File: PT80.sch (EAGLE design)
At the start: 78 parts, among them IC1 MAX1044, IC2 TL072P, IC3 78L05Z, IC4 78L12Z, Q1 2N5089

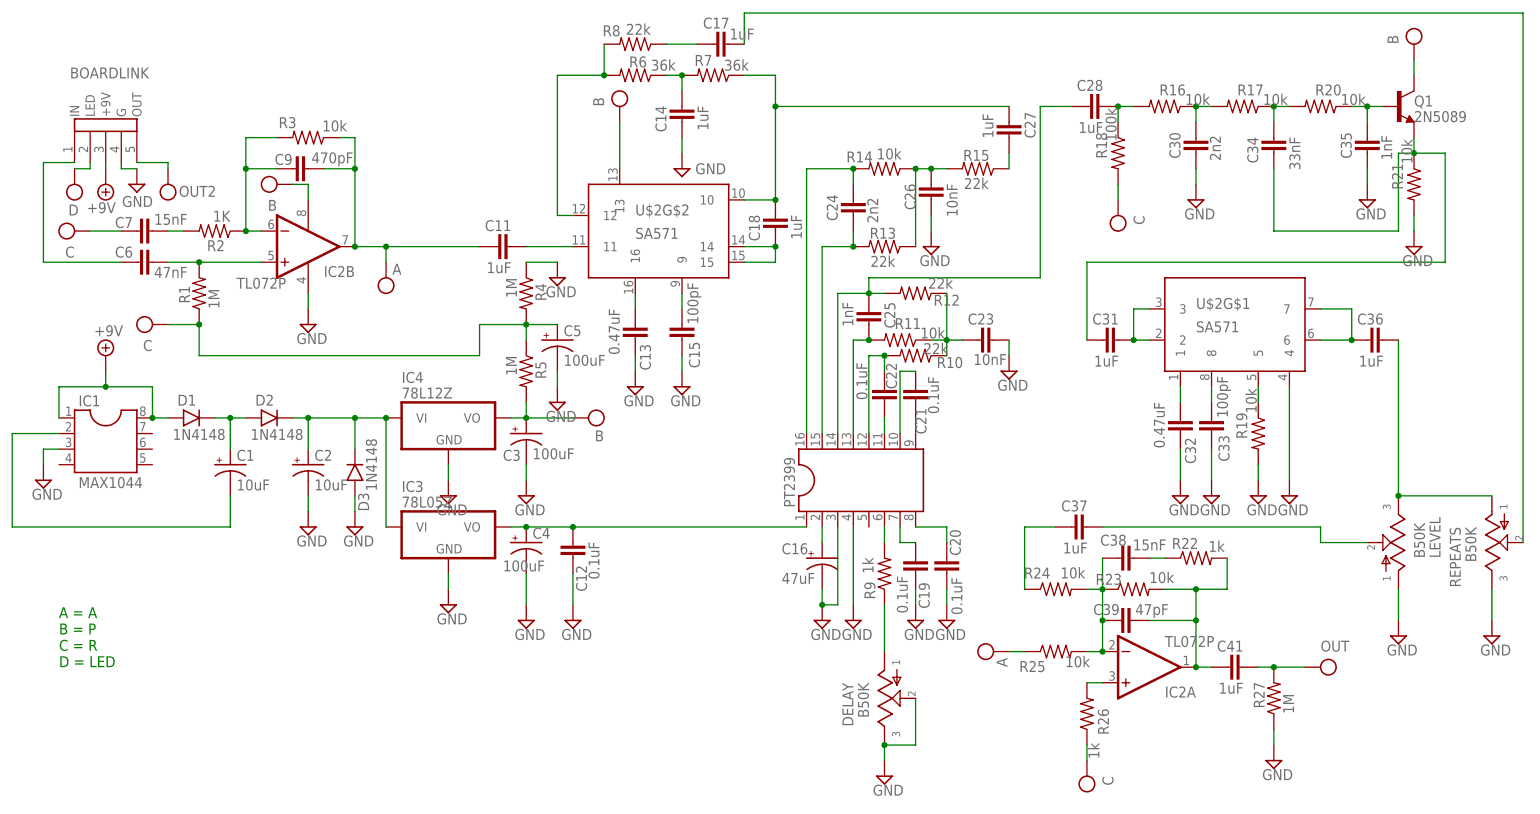
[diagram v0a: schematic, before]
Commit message: Version 1.1 - Fixed repeats direction and orientation of power regulators
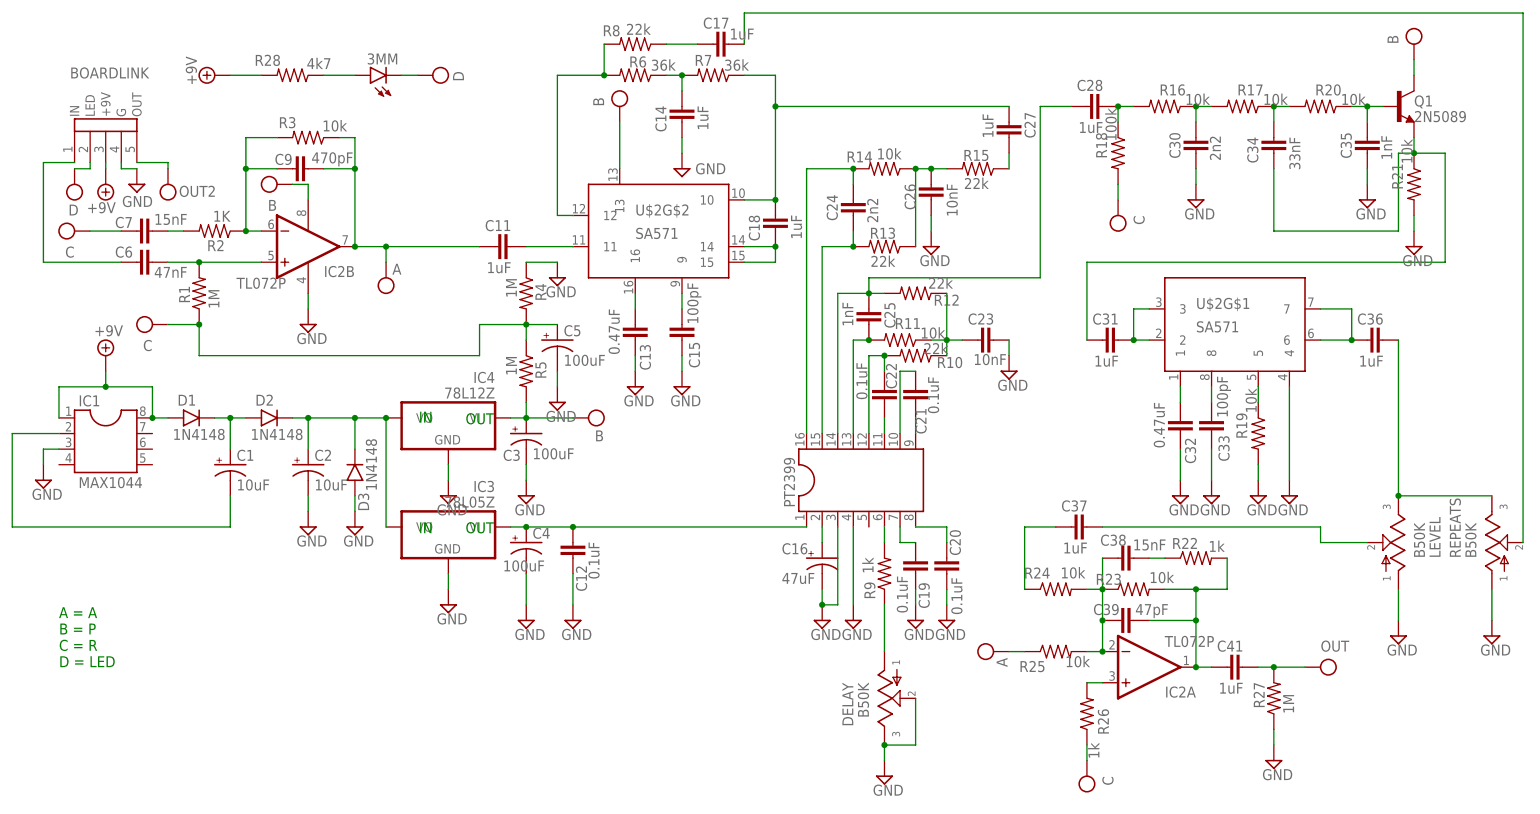
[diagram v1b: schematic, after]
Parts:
- added 3MM: LED3MM, mb_diodes:LED3MM
- added R28: 4k7, mb_resistors:6MM.3
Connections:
- new net N$1: C2.+, D2.C, D3.C, IC3.VO, IC4.VO
- net +9V: now also R28.2
- net B: now also IC4.VI; no longer IC4.VO
- net D: now also 3MM.C
- net GND: now also REPEATS.1; no longer REPEATS.3
- net N$4: now also 3MM.A, R28.1; no longer C2.+, D2.C, D3.C, IC3.VI, IC4.VI
- net N$48: now also REPEATS.3; no longer REPEATS.1
- net N$6: now also IC3.VI; no longer IC3.VO
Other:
- note added: "IN"
- note added: "OUT"
- moved on the sheet: REPEATS
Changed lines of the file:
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@@
 <part name="OUT" library="mb_supply" deviceset="OUT" device=""/>
 <part name="OUT2" library="mb_supply" deviceset="OUT" device=""/>
+<part name="R28" library="mb_resistors" deviceset="6MM" device=".3" value="4k7"/>
+<part name="V3" library="mb_supply" deviceset="+9V" device=""/>
+<part name="3MM" library="mb_diodes" deviceset="LED" device="3MM"/>
+<part name="D5" library="mb_supply" deviceset="D" device=""/>
 </parts>
 <sheets>
@@
 C = R
 D = LED</text>
+<text x="48.514" y="47.498" size="1.778" layer="91">IN</text>
+<text x="48.514" y="29.464" size="1.778" layer="91">IN</text>
+<text x="56.134" y="47.244" size="1.778" layer="91">OUT</text>
+<text x="56.134" y="29.464" size="1.778" layer="91">OUT</text>
 </plain>
 <instances>
@@
 <attribute name="VALUE" x="18.796" y="71.12" size="1.778" layer="96" rot="MR180"/>
 </instance>
-<instance part="IC3" gate="A1" x="53.34" y="30.48" smashed="yes">
-<attribute name="NAME" x="45.72" y="36.195" size="1.778" layer="95"/>
-<attribute name="VALUE" x="45.72" y="33.655" size="1.778" layer="96"/>
-</instance>
-<instance part="IC4" gate="A1" x="53.34" y="48.26" smashed="yes">
-<attribute name="NAME" x="45.72" y="53.975" size="1.778" layer="95"/>
-<attribute name="VALUE" x="45.72" y="51.435" size="1.778" layer="96"/>
+<instance part="IC3" gate="A1" x="53.34" y="30.48" smashed="yes" rot="MR0">
+<attribute name="NAME" x="60.96" y="36.195" size="1.778" layer="95" rot="MR0"/>
+<attribute name="VALUE" x="60.96" y="33.655" size="1.778" layer="96" rot="MR0"/>
+</instance>
+<instance part="IC4" gate="A1" x="53.34" y="48.26" smashed="yes" rot="MR0">
+<attribute name="NAME" x="60.96" y="53.975" size="1.778" layer="95" rot="MR0"/>
+<attribute name="VALUE" x="60.96" y="51.435" size="1.778" layer="96" rot="MR0"/>
 </instance>
 <instance part="C1" gate="1" x="17.78" y="40.64" smashed="yes">
@@
 <attribute name="VALUE" x="210.82" y="25.4" size="1.778" layer="96" rot="MR90"/>
 </instance>
-<instance part="REPEATS" gate="G$1" x="226.06" y="27.94" smashed="yes" rot="MR180">
-<attribute name="NAME" x="218.44" y="30.48" size="1.778" layer="95" rot="MR270"/>
-<attribute name="VALUE" x="220.98" y="30.48" size="1.778" layer="96" rot="MR270"/>
+<instance part="REPEATS" gate="G$1" x="226.06" y="27.94" smashed="yes">
+<attribute name="NAME" x="218.44" y="25.4" size="1.778" layer="95" rot="R90"/>
+<attribute name="VALUE" x="220.98" y="25.4" size="1.778" layer="96" rot="R90"/>
 </instance>
 <instance part="GND30" gate="GND" x="208.28" y="12.7" smashed="yes">
@@
 <instance part="OUT2" gate="G$1" x="7.62" y="86.36" smashed="yes" rot="R270">
 <attribute name="NAME" x="9.398" y="84.328" size="1.778" layer="95"/>
+</instance>
+<instance part="R28" gate="G$1" x="27.94" y="104.14" smashed="yes" rot="R180">
+<attribute name="NAME" x="26.035" y="107.4674" size="1.778" layer="95" rot="R180"/>
+<attribute name="VALUE" x="34.29" y="106.934" size="1.778" layer="96" rot="R180"/>
+</instance>
+<instance part="V3" gate="+9V" x="15.24" y="104.14" smashed="yes" rot="R90">
+<attribute name="VALUE" x="12.319" y="102.489" size="1.778" layer="96" rot="R90"/>
+</instance>
+<instance part="3MM" gate="G$1" x="43.18" y="104.14" smashed="yes" rot="R180">
+<attribute name="NAME" x="45.212" y="107.696" size="1.778" layer="95" rot="R180"/>
+</instance>
+<instance part="D5" gate="D" x="50.8" y="104.14" smashed="yes">
+<attribute name="VALUE" x="55.88" y="103.124" size="1.778" layer="96" rot="R90"/>
 </instance>
 </instances>
@@
 </segment>
 <segment>
-<pinref part="REPEATS" gate="G$1" pin="3"/>
-<pinref part="GND31" gate="GND" pin="GND"/>
-<wire x1="223.52" y1="20.32" x2="223.52" y2="15.24" width="0.1524" layer="91"/>
-</segment>
-<segment>
 <pinref part="U$1" gate="G$1" pin="G"/>
 <pinref part="GND32" gate="GND" pin="GND"/>
 <wire x1="0" y1="89.916" x2="0" y2="88.9" width="0.1524" layer="91"/>
 <wire x1="0" y1="88.9" x2="2.54" y2="88.9" width="0.1524" layer="91"/>
+</segment>
+<segment>
+<pinref part="REPEATS" gate="G$1" pin="1"/>
+<pinref part="GND31" gate="GND" pin="GND"/>
+<wire x1="223.52" y1="20.32" x2="223.52" y2="15.24" width="0.1524" layer="91"/>
 </segment>
 </net>
@@
 </segment>
 </net>
-<net name="N$4" class="0">
-<segment>
-<pinref part="C2" gate="1" pin="+"/>
-<pinref part="D2" gate="G$1" pin="C"/>
-<wire x1="30.48" y1="43.18" x2="30.48" y2="48.26" width="0.1524" layer="91"/>
-<wire x1="30.48" y1="48.26" x2="27.94" y2="48.26" width="0.1524" layer="91"/>
-<pinref part="D3" gate="G$1" pin="C"/>
-<wire x1="38.1" y1="43.18" x2="38.1" y2="48.26" width="0.1524" layer="91"/>
-<wire x1="38.1" y1="48.26" x2="30.48" y2="48.26" width="0.1524" layer="91"/>
-<junction x="30.48" y="48.26"/>
-<pinref part="IC4" gate="A1" pin="VI"/>
-<wire x1="43.18" y1="48.26" x2="38.1" y2="48.26" width="0.1524" layer="91"/>
-<junction x="38.1" y="48.26"/>
-<pinref part="IC3" gate="A1" pin="VI"/>
-<wire x1="43.18" y1="30.48" x2="43.18" y2="48.26" width="0.1524" layer="91"/>
-<junction x="43.18" y="48.26"/>
-</segment>
-</net>
 <net name="N$6" class="0">
 <segment>
-<pinref part="IC3" gate="A1" pin="VO"/>
 <pinref part="C4" gate="G$1" pin="+"/>
-<wire x1="63.5" y1="30.48" x2="66.04" y2="30.48" width="0.1524" layer="91"/>
 <pinref part="C12" gate="G$1" pin="2"/>
 <wire x1="73.66" y1="30.48" x2="66.04" y2="30.48" width="0.1524" layer="91"/>
-<junction x="66.04" y="30.48"/>
 <pinref part="PT2399" gate="G$1" pin="1"/>
 <wire x1="111.76" y1="30.48" x2="73.66" y2="30.48" width="0.1524" layer="91"/>
 <junction x="73.66" y="30.48"/>
+<pinref part="IC3" gate="A1" pin="VI"/>
+<wire x1="63.5" y1="30.48" x2="66.04" y2="30.48" width="0.1524" layer="91"/>
+<junction x="66.04" y="30.48"/>
 </segment>
 </net>
@@
 </segment>
 <segment>
-<pinref part="IC4" gate="A1" pin="VO"/>
 <pinref part="C3" gate="G$1" pin="+"/>
-<wire x1="63.5" y1="48.26" x2="66.04" y2="48.26" width="0.1524" layer="91"/>
 <pinref part="R5" gate="G$1" pin="2"/>
 <wire x1="66.04" y1="50.8" x2="66.04" y2="48.26" width="0.1524" layer="91"/>
@@
 <pinref part="B1" gate="B" pin="B"/>
 <wire x1="73.66" y1="48.26" x2="66.04" y2="48.26" width="0.1524" layer="91"/>
+<pinref part="IC4" gate="A1" pin="VI"/>
+<wire x1="63.5" y1="48.26" x2="66.04" y2="48.26" width="0.1524" layer="91"/>
 </segment>
 <segment>
@@
 <pinref part="LEVEL" gate="G$1" pin="3"/>
 <wire x1="208.28" y1="60.96" x2="208.28" y2="35.56" width="0.1524" layer="91"/>
-<pinref part="REPEATS" gate="G$1" pin="1"/>
+<pinref part="REPEATS" gate="G$1" pin="3"/>
 <wire x1="223.52" y1="35.56" x2="208.28" y2="35.56" width="0.1524" layer="91"/>
 <junction x="208.28" y="35.56"/>
@@
 <wire x1="-5.08" y1="89.916" x2="-5.08" y2="88.9" width="0.1524" layer="91"/>
 <wire x1="-5.08" y1="88.9" x2="-7.62" y2="88.9" width="0.1524" layer="91"/>
+</segment>
+<segment>
+<pinref part="D5" gate="D" pin="D"/>
+<pinref part="3MM" gate="G$1" pin="C"/>
+<wire x1="48.26" y1="104.14" x2="45.72" y2="104.14" width="0.1524" layer="91"/>
 </segment>
 </net>
@@
 <junction x="-2.54" y="53.34"/>
 </segment>
+<segment>
+<pinref part="V3" gate="+9V" pin="+9V"/>
+<pinref part="R28" gate="G$1" pin="2"/>
+<wire x1="17.78" y1="104.14" x2="22.86" y2="104.14" width="0.1524" layer="91"/>
+</segment>
 </net>
 <net name="OUT" class="0">
@@
 </segment>
 </net>
+<net name="N$1" class="0">
+<segment>
+<pinref part="IC3" gate="A1" pin="VO"/>
+<pinref part="IC4" gate="A1" pin="VO"/>
+<wire x1="43.18" y1="30.48" x2="43.18" y2="48.26" width="0.1524" layer="91"/>
+<pinref part="C2" gate="1" pin="+"/>
+<pinref part="D2" gate="G$1" pin="C"/>
+<wire x1="30.48" y1="43.18" x2="30.48" y2="48.26" width="0.1524" layer="91"/>
+<wire x1="30.48" y1="48.26" x2="27.94" y2="48.26" width="0.1524" layer="91"/>
+<pinref part="D3" gate="G$1" pin="C"/>
+<wire x1="38.1" y1="43.18" x2="38.1" y2="48.26" width="0.1524" layer="91"/>
+<wire x1="38.1" y1="48.26" x2="30.48" y2="48.26" width="0.1524" layer="91"/>
+<junction x="30.48" y="48.26"/>
+<wire x1="43.18" y1="48.26" x2="38.1" y2="48.26" width="0.1524" layer="91"/>
+<junction x="43.18" y="48.26"/>
+<junction x="38.1" y="48.26"/>
+</segment>
+</net>
+<net name="N$4" class="0">
+<segment>
+<pinref part="3MM" gate="G$1" pin="A"/>
+<pinref part="R28" gate="G$1" pin="1"/>
+<wire x1="38.1" y1="104.14" x2="33.02" y2="104.14" width="0.1524" layer="91"/>
+</segment>
+</net>

• **TASK DIRECTIONS**
Copy out, word for word, the part of the entries above that begins at the line with "Changed lines of" and ends at the line with "D = LED</text>", including both.

• **ANSWER TO THIS TASK**
Changed lines of the file:
@@
 <part name="OUT" library="mb_supply" deviceset="OUT" device=""/>
 <part name="OUT2" library="mb_supply" deviceset="OUT" device=""/>
+<part name="R28" library="mb_resistors" deviceset="6MM" device=".3" value="4k7"/>
+<part name="V3" library="mb_supply" deviceset="+9V" device=""/>
+<part name="3MM" library="mb_diodes" deviceset="LED" device="3MM"/>
+<part name="D5" library="mb_supply" deviceset="D" device=""/>
 </parts>
 <sheets>
@@
 C = R
 D = LED</text>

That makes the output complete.